PyData Amsterdam 2025

Meet Docling: The “Pandas” for document AI
09-24, 09:00–10:30 (Europe/Amsterdam), Margaret Hamilton @ TNW City

A workshop session to show you the basics on how to use Docling to enhance document ingestion in your AI workflow.


With the rapid rise of AI, developers need better ways to transform complex documents into structured data ready for model training and inference. Enter Docling, an open source Python package that's quickly becoming the go-to for document parsing and export. In just a few months, Docling has earned over 25,000 GitHub stars and is already reshaping how developers approach document AI.

In this session, you'll get an in-depth introduction to Docling and how it can streamline your AI workflow, and get a chance to walk through a hands on workshop to create your first custom doc ingestion pipeline with Docling. Key features include:

Broad format support: Easily convert PDFs, DOCX, PPTX, HTML, images, and Markdown into structured Markdown or JSON.

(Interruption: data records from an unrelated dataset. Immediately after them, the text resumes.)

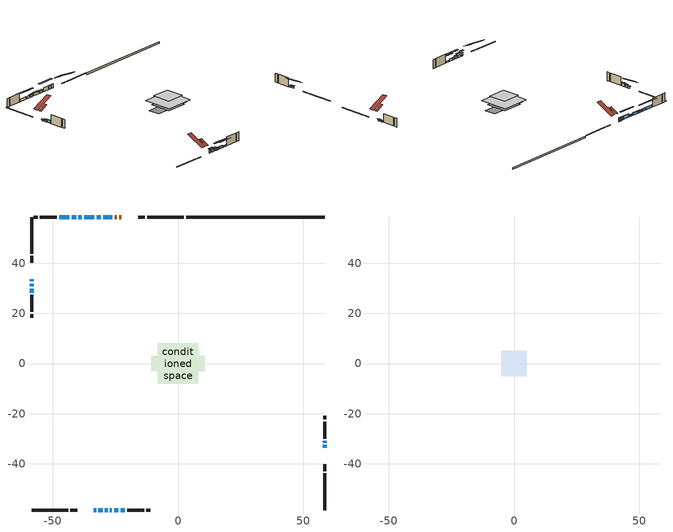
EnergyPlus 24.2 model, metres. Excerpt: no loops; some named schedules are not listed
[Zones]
conditioned space
 floor adiabatic (Floor2 construction): -5.78,-5.78 -5.78,5.78 5.78,5.78 5.78,-5.78 z0.61
 floor adiabatic (AdiabaticFloorConstruction): -8.08,-8.08 -8.08,8.08 8.08,8.08 8.08,-8.08 z3.05
 floor foundation (Slab1 construction): -10.66,-3.13 -10.66,3.13 10.66,3.13 10.66,-3.13 z-0.3
 wall outside (RimJoist1 construction): 2.34,58.44 -12.28,58.44 / -58.44,-58.44 -43.82,-58.44 / -58.44,58.44 -58.44,43.82 / 58.44,-58.44 58.44,-43.82 z0.61:0.91
 wall outside (RimJoist2 construction): -13.21,58.44 -15.83,58.44 / -42.89,-58.44 -40.27,-58.44 / -58.44,42.89 -58.44,40.27 / 58.44,-42.89 58.44,-40.27 z0.61:0.91
 wall outside (AdiabaticWallConstruction 1): -22.59,58.44 -23.48,58.44 / -24.41,58.44 -25.32,58.44 z0.61:2.64
 wall outside (AdiabaticWallConstruction): -33.51,-58.44 -32.7,-58.44 z0.61:2.59; -26.24,58.44 -29.8,58.44 z0.61:2.64; -31.77,-58.44 -30.09,-58.44 / -29.16,-58.44 -28.1,-58.44 / -27.17,-58.44 -26.4,-58.44 / -25.48,-58.44 -23.8,-58.44 / -58.44,31.82 -58.44,30.75 / -33.33,58.44 -37.45,58.44 / -40.68,58.44 -42.36,58.44 / -43.28,58.44 -47.4,58.44 z0.61:1.98; -22.87,-58.44 -21.19,-58.44 z0.61:1.42; -58.44,33.51 -58.44,32.74 / 58.44,-31.51 58.44,-30.9 z0.61:1.53; -58.44,29.82 -58.44,28.3 z0.61:2.29; 58.44,-33.51 58.44,-32.44 z0.61:1.63; -30.73,58.44 -32.41,58.44 z0.61:1.68; -38.38,58.44 -39.75,58.44 z0.61:1.83
 wall outside (Wall1 construction): -48.33,58.44 -55.07,58.44 / -20.27,-58.44 -13.52,-58.44 / -58.44,27.37 -58.44,20.62 / 58.44,-29.97 58.44,-23.23 z0.61:5.49
 wall outside (Wall2 construction): -56,58.44 -57.51,58.44 / -12.59,-58.44 -11.08,-58.44 / -58.44,19.69 -58.44,18.19 / 58.44,-22.3 58.44,-20.79 z0.61:5.49
 wall foundation (FoundationWall1 construction): 58.44,58.44 3.27,58.44 z-0.3:0.61
 window (WindowConstruction 16): -33.51,-58.44 -32.7,-58.44 z0.61:2.59
 window (WindowConstruction 5): -26.25,58.44 -29.8,58.44 z0.61:2.64
 window (WindowConstruction 6): -31.77,-58.44 -30.09,-58.44 z0.61:1.98
 window (WindowConstruction 7): -29.16,-58.44 -28.1,-58.44 z0.61:1.98
 window (WindowConstruction 8): -27.17,-58.44 -26.41,-58.44 z0.61:1.98
 window (WindowConstruction 9): -25.48,-58.44 -23.8,-58.44 z0.61:1.98
 window (WindowConstruction 10): -22.87,-58.44 -21.2,-58.44 z0.61:1.42
 window (WindowConstruction 11): -58.44,33.51 -58.44,32.75 z0.61:1.52
 window (WindowConstruction 12): -58.44,31.82 -58.44,30.75 z0.61:1.98
 window (WindowConstruction 13): -58.44,29.82 -58.44,28.3 z0.61:2.29
 window (WindowConstruction 14): 58.44,-33.51 58.44,-32.44 z0.61:1.62
 window (WindowConstruction 15): 58.44,-31.51 58.44,-30.9 z0.61:1.52
 window (WindowConstruction): -30.73,58.44 -32.4,58.44 z0.61:1.68
 window (WindowConstruction 1): -33.33,58.44 -37.45,58.44 z0.61:1.98
 window (WindowConstruction 2): -38.38,58.44 -39.75,58.44 z0.61:1.83
 window (WindowConstruction 3): -40.68,58.44 -42.35,58.44 z0.61:1.98
 window (WindowConstruction 4): -43.28,58.44 -47.4,58.44 z0.61:1.98
 door (Door): -22.59,58.44 -23.48,58.44 z0.61:2.64
 door (Door 1): -24.41,58.44 -25.32,58.44 z0.61:2.64
 ceiling adiabatic (AdiabaticFloorConstruction): 8.08,-8.08 8.08,8.08 -8.08,8.08 -8.08,-8.08 z3.05
 roof outside (Roof2 construction): -21.66,58.44,5.49 -21.66,53.94,7.73 -20.4,53.94,7.73 -20.4,58.44,5.49; -34.44,-58.44,5.49 -34.44,-53.94,7.73 -35.69,-53.94,7.73 -35.69,-58.44,5.49; -58.44,34.44,5.49 -53.94,34.44,7.73 -53.94,35.69,7.73 -58.44,35.69,5.49; 58.44,-34.44,5.49 53.94,-34.44,7.73 53.94,-35.69,7.73 58.44,-35.69,5.49
attic - vented
 floor to conditioned space (Floor1 construction Reversed): -5.13,-5.13 -5.13,5.13 5.13,5.13 5.13,-5.13 z5.49
 roof outside (Roof1 construction): -19.47,58.44,5.49 -19.47,48.73,10.34 -16.76,48.73,10.34 -16.76,58.44,5.49; -36.62,-58.44,5.49 -36.62,-48.73,10.34 -39.34,-48.73,10.34 -39.34,-58.44,5.49; -58.44,36.62,5.49 -48.73,36.62,10.34 -48.73,39.34,10.34 -58.44,39.34,5.49; 58.44,-36.62,5.49 48.73,-36.62,10.34 48.73,-39.34,10.34 58.44,-39.34,5.49
shading: -31.79,-58.44 -34.42,-58.44 -34.42,-59.2 -31.79,-59.2 z3.5; -32.85,58.44 -23.19,58.44 -23.19,59.2 -32.85,59.2 z5.69; -29.18,-58.44 -32.68,-58.44 -32.68,-59.2 -29.18,-59.2 z2.89; -27.95,-58.44 -29.31,-58.44 -29.31,-59.2 -27.95,-59.2 z2.13; -23.35,-58.44 -30.22,-58.44 -30.22,-59.2 -23.35,-59.2 z5.03; -20.75,-58.44 -28.53,-58.44 -28.53,-59.2 -20.75,-59.2 z5.03; -18.14,-58.44 -25.92,-58.44 -25.92,-59.2 -18.14,-59.2 z4.47; -58.44,32.6 -58.44,33.66 -59.2,33.66 -59.2,32.6 z1.67; -58.44,30.6 -58.44,31.97 -59.2,31.97 -59.2,30.6 z2.13; -58.44,28.15 -58.44,29.97 -59.2,29.97 -59.2,28.15 z2.44; 58.44,-32.29 58.44,-33.66 59.2,-33.66 59.2,-32.29 z1.77; 58.44,-30.75 58.44,-31.66 59.2,-31.66 59.2,-30.75 z1.67; -32.55,58.44 -30.58,58.44 -30.58,59.2 -32.55,59.2 z1.83; -37.6,58.44 -33.18,58.44 -33.18,59.2 -37.6,59.2 z2.13; -39.9,58.44 -38.23,58.44 -38.23,59.2 -39.9,59.2 z1.98; -45.41,58.44 -37.63,58.44 -37.63,59.2 -45.41,59.2 z5.03; -50.45,58.44 -40.23,58.44 -40.23,59.2 -50.45,59.2 z5.03
[Building]
Building 1: Terrain=Suburbs
[Site:Location]
Comox AP_BC: Latitude {deg}=49.72; Longitude {deg}=-124.9; Time Zone {hr}=-8; Elevation {m}=26; Keep Site Location Information=Yes
[Site:GroundTemperature:Shallow]
7.68431, 6.60511, 6.51868, 7.03082, 9.08677, 11.1331, 12.9072, 14.0311, 14.1265, 13.2125, 11.4836, 9.50004
[Site:WaterMainsTemperature]
Calculation Method=Schedule; Temperature Schedule=mains temperature schedule
[Material] Roughness=Rough; Thermal Absorptance=0.9
Name | Thickness {m} | Conductivity {W/m-K} | Density {kg/m3} | Specific Heat {J/kg-K} | Solar Absorptance | Visible Absorptance
asphalt or fiberglass shingles | 0.00635 | 0.162714 | 1121.4 | 1465.45 | 0.4 | 0.4
ceiling loosefill ins | 0.254 | 0.0480833 | 16.02 | 1046.75 | 0.7 | 0.7
ceiling stud and cavity | 0.1397 | 0.134927 | 65.682 | 1177.47 | 0.7 | 0.7
concrete 4.0 in. | 0.1016 | 1.803125 | 2242.8 | 837.4 | 0.7 | 0.7
concrete 8.0 in. | 0.2032 | 1.803125 | 2242.8 | 837.4 | 0.7 | 0.7
door material | 0.04445 | 0.188738 | 512.64 | 1214.23 | 0.7 | 0.7
door material 1 | 0.04445 | 0.053851 | 512.64 | 1214.23 | 0.7 | 0.7
exterior vertical ins | 0.0611431 | 0.029427 | 32.04 | 1214.23 | 0.7 | 0.7
floor covering | 0.0127 | 9.015625 | 54.468 | 1339.84 | 0.6 | 0.6
floor covering 1 | 0.0127 | 0.0433444 | 54.468 | 1339.84 | 0.6 | 0.6
floor rigid ins; wall rigid ins 1 | 0.512978 | 0.029427 | 32.04 | 1214.23 | 0.7 | 0.7
floor stud and cavity | 0.0889 | 0.621767 | 50.32683 | 1063.81 | 0.7 | 0.7
floor stud and cavity 1 | 0.1397 | 1.75129 | 37.0049 | 1207.88 | 0.7 | 0.7
furniture material conditioned space 1 | 0.1524 | 0.115458 | 640.8 | 1214.23 | 0.6 | 0.6
gypsum board | 0.0127 | 0.160291 | 801 | 837.4 | 0.6 | 0.6
gypsum board 1 | 0.0127 | 0.160291 | 801 | 837.4 | 0.7 | 0.7
osb sheathing 0.5 in. | 0.0127 | 0.115458 | 512.64 | 1214.23 | 0.7 | 0.7
osb sheathing 0.75 in. | 0.01905 | 0.115458 | 512.64 | 1214.23 | 0.7 | 0.7
osb sheathing 2.0 in. | 0.0508 | 0.115458 | 512.64 | 1214.23 | 0.7 | 0.7
rim joist rigid ins; wall rigid ins | 0.051816 | 0.029427 | 32.04 | 1214.23 | 0.7 | 0.7
rim joist stud and cavity | 0.0508 | 0.0451784 | 125.044 | 1163.47 | 0.6 | 0.6
rim joist stud and cavity 1 | 0.0508 | 0.0456791 | 125.044 | 1163.47 | 0.6 | 0.6
roof rigid ins | 0.103632 | 0.029427 | 32.04 | 1214.23 | 0.7 | 0.7
roof stud and cavity | 0.2032 | 0.0716271 | 78.34581 | 1123.46 | 0.7 | 0.7
wall stud and cavity | 0.1397 | 0.199346 | 139.0536 | 1170.24 | 0.7 | 0.7
wall stud and cavity 1 | 0.1397 | 0.216185 | 139.0536 | 1170.24 | 0.7 | 0.7
wall stud and cavity 2 | 0.0889 | 0.380278 | 52.3479 | 1209.89 | 0.7 | 0.7
wall stud and cavity 3 | 0.0889 | 0.391764 | 83.0341 | 1211.67 | 0.7 | 0.7
wood siding | 0.0254 | 0.102417 | 544.68 | 1172.36 | 0.4 | 0.4
wood siding 1; wood siding 2; wood siding 3 | 0.0254 | 0.102417 | 544.68 | 1172.36 | 0.7 | 0.7
[WindowMaterial:SimpleGlazingSystem]
Name | U-Factor {W/m2-K} | Solar Heat Gain Coefficient
WindowMaterial | 2.963916 | 0.58
WindowMaterial 1 | 2.90941 | 0.68
WindowMaterial 10 | 2.97981 | 0.57
WindowMaterial 11 | 2.983789 | 0.55
WindowMaterial 12 | 3.00537 | 0.54
WindowMaterial 13 | 2.99571 | 0.51
WindowMaterial 14 | 4.360704 | 0.64
WindowMaterial 2 | 2.4228 | 0.27
WindowMaterial 3 | 2.90203 | 0.68
WindowMaterial 4 | 2.97754 | 0.59
WindowMaterial 5 | 2.95313 | 0.6
WindowMaterial 6 | 2.9219 | 0.66
WindowMaterial 7 | 2.99685 | 0.53
WindowMaterial 8 | 2.93325 | 0.66
WindowMaterial 9 | 2.97868 | 0.53
[Construction]
AdiabaticFloorConstruction: floor stud and cavity 1, floor rigid ins, osb sheathing 0.75 in., floor covering 1
AdiabaticWallConstruction: wood siding 2, wall rigid ins 1, wall stud and cavity 2, gypsum board
AdiabaticWallConstruction 1: wood siding 3, wall rigid ins 1, wall stud and cavity 2, gypsum board
Door: door material
Door 1: door material 1
Floor1 construction Reversed: gypsum board, ceiling stud and cavity, ceiling loosefill ins
Floor2 construction: floor stud and cavity, floor covering
FoundationWall1 construction: concrete 8.0 in., gypsum board 1
furniture construction conditioned space 1: furniture material conditioned space 1
PartitionWallConstruction: gypsum board, wall stud and cavity 3, gypsum board
RimJoist1 construction: wood siding 1, rim joist rigid ins, osb sheathing 2.0 in., rim joist stud and cavity
RimJoist2 construction: wood siding 1, rim joist rigid ins, osb sheathing 2.0 in., rim joist stud and cavity 1
Roof1 construction: asphalt or fiberglass shingles
Roof2 construction: asphalt or fiberglass shingles, roof rigid ins, osb sheathing 0.75 in., roof stud and cavity, gypsum board
Slab1 construction: concrete 4.0 in.
Wall1 construction: wood siding, wall rigid ins, osb sheathing 0.5 in., wall stud and cavity, gypsum board
Wall2 construction: wood siding, wall rigid ins, osb sheathing 0.5 in., wall stud and cavity 1, gypsum board
WindowConstruction: WindowMaterial
WindowConstruction 1; WindowConstruction 4: WindowMaterial 1
WindowConstruction 10: WindowMaterial 8
WindowConstruction 11: WindowMaterial 9
WindowConstruction 12: WindowMaterial 10
WindowConstruction 13: WindowMaterial 11
WindowConstruction 14: WindowMaterial 12
WindowConstruction 15: WindowMaterial 13
WindowConstruction 16: WindowMaterial 14
WindowConstruction 2: WindowMaterial 2
WindowConstruction 3: WindowMaterial 3
WindowConstruction 5: WindowMaterial 4
WindowConstruction 6; WindowConstruction 9: WindowMaterial 5
WindowConstruction 7: WindowMaterial 6
WindowConstruction 8: WindowMaterial 7
[Zone] Multiplier=1; Part of Total Floor Area=Yes
Name | Volume {m3}
attic - vented | 80.7112
conditioned space | 699.2
[Space]
Name | Zone | Volume {m3}
attic - vented 1 | attic - vented | 80.7112
conditioned space 1 | conditioned space | 699.2
[ZoneInfiltration:EffectiveLeakageArea]
infil attic - vented 1: Zone or Space=attic - vented 1; Schedule=Always On Discrete; Effective Air Leakage Area {cm2}=4519.29; Stack Coefficient=0.000337668; Wind Coefficient=1.24155e-05
[ZoneMixing]
whole house fan mix: Zone or Space=attic - vented; Schedule=Always On Continuous; Design Flow Rate Calculation Method=Flow/Zone; Design Flow Rate {m3/s}=0; Source Zone or Space=conditioned space
[SurfaceProperty:ExposedFoundationPerimeter]
Slab1: Exposed Perimeter Calculation Method=TotalExposedPerimeter; Total Exposed Perimeter {m}=55.169
[InternalMass] Zone or ZoneList=conditioned space; Space or SpaceList=conditioned space 1
Name | Construction | Surface Area {m2}
furniture mass conditioned space 1 | furniture construction conditioned space 1 | 211.352
partition wall mass | PartitionWallConstruction | 394.79
[Lights]
interior lighting: Zone or ZoneList or Space or SpaceList=conditioned space 1; Schedule=interior lighting schedule; Design Level Calculation Method=LightingLevel; Lighting Level {W}=343.2; Return Air Fraction=0; Fraction Radiant=0.6; Fraction Visible=0.2; Fraction Replaceable=1
[People]
occupants: Zone or ZoneList or Space or SpaceList=conditioned space 1; Number of People Schedule=occupants schedule; Number of People Calculation Method=People; Number of People=3; Fraction Radiant=0.314171; Sensible Heat Fraction=0.56303; Activity Level Schedule=occupants activity schedule; Carbon Dioxide Generation Rate {m3/s-W}=0; Enable ASHRAE 55 Comfort Warnings=No; Mean Radiant Temperature Calculation Type=EnclosureAveraged
[ElectricEquipment] Zone or ZoneList or Space or SpaceList=conditioned space 1; Design Level Calculation Method=EquipmentLevel
Name | Schedule | Design Level {W} | Fraction Latent | Fraction Radiant | Fraction Lost
clothes dryer | clothes dryer schedule | 140.772 | 0.015 | 0.081 | 0.85
clothes washer | clothes washer schedule | 32.1985 | 0.03 | 0.162 | 0.7
cooking range | cooking range schedule | 215.147 | 0.08 | 0.432 | 0.2
dishwasher | dishwasher schedule | 66.8632 | 0.3 | 0.18 | 0.4
fridge | fridge schedule | 72.9452 | 0 | 0.6 | 0
mech vent bath fan 0 | mech vent bath fan 0 schedule | 25.1 | 0 | 0 | 1
mech vent bath fan 1 | mech vent bath fan 1 schedule | 25.1 | 0 | 0 | 1
mech vent house fan | mech vent house fan schedule | 0 | 0 | 0 | 1
mech vent house fan cfis | mech vent house fan cfis schedule | 0 | 0 | 0 | 0
mech vent range fan 0 | mech vent range fan 0 schedule | 57 | 0 | 0 | 1
misc plug loads | misc plug loads schedule | 494.7 | 0.045 | 0.513 | 0.1
whole house fan | Always On Discrete | 0 | 0 | 0 | 1
[OtherEquipment] Zone or ZoneList or Space or SpaceList=conditioned space 1; Design Level Calculation Method=EquipmentLevel
Name | Fuel Type | Schedule | Design Level {W} | Fraction Latent | Fraction Radiant | Fraction Lost
clothes dryer 1 | Electricity | clothes dryer schedule | 0 | 0.015 | 0.081 | 0.85
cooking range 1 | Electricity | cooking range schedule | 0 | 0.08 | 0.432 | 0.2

Deep document understanding: Accurately capture page layouts, reading order, and tables—essential for complex document analysis.

AI integration: Use the DoclingDocument format with frameworks like LlamaIndex, LangChain, and InstructLab to power RAG, QA, and LLM training.

OCR support: Extract data from scanned or image-based documents.

Developer friendly CLI: Process documents quickly and consistently with a simple command-line interface.

This workshop will require users to have experience with Python programming and LLMs. It will be presented in Jupyter notebook format and will be accessible and runnable in Google collab, ensuring all participants devices will work for the session.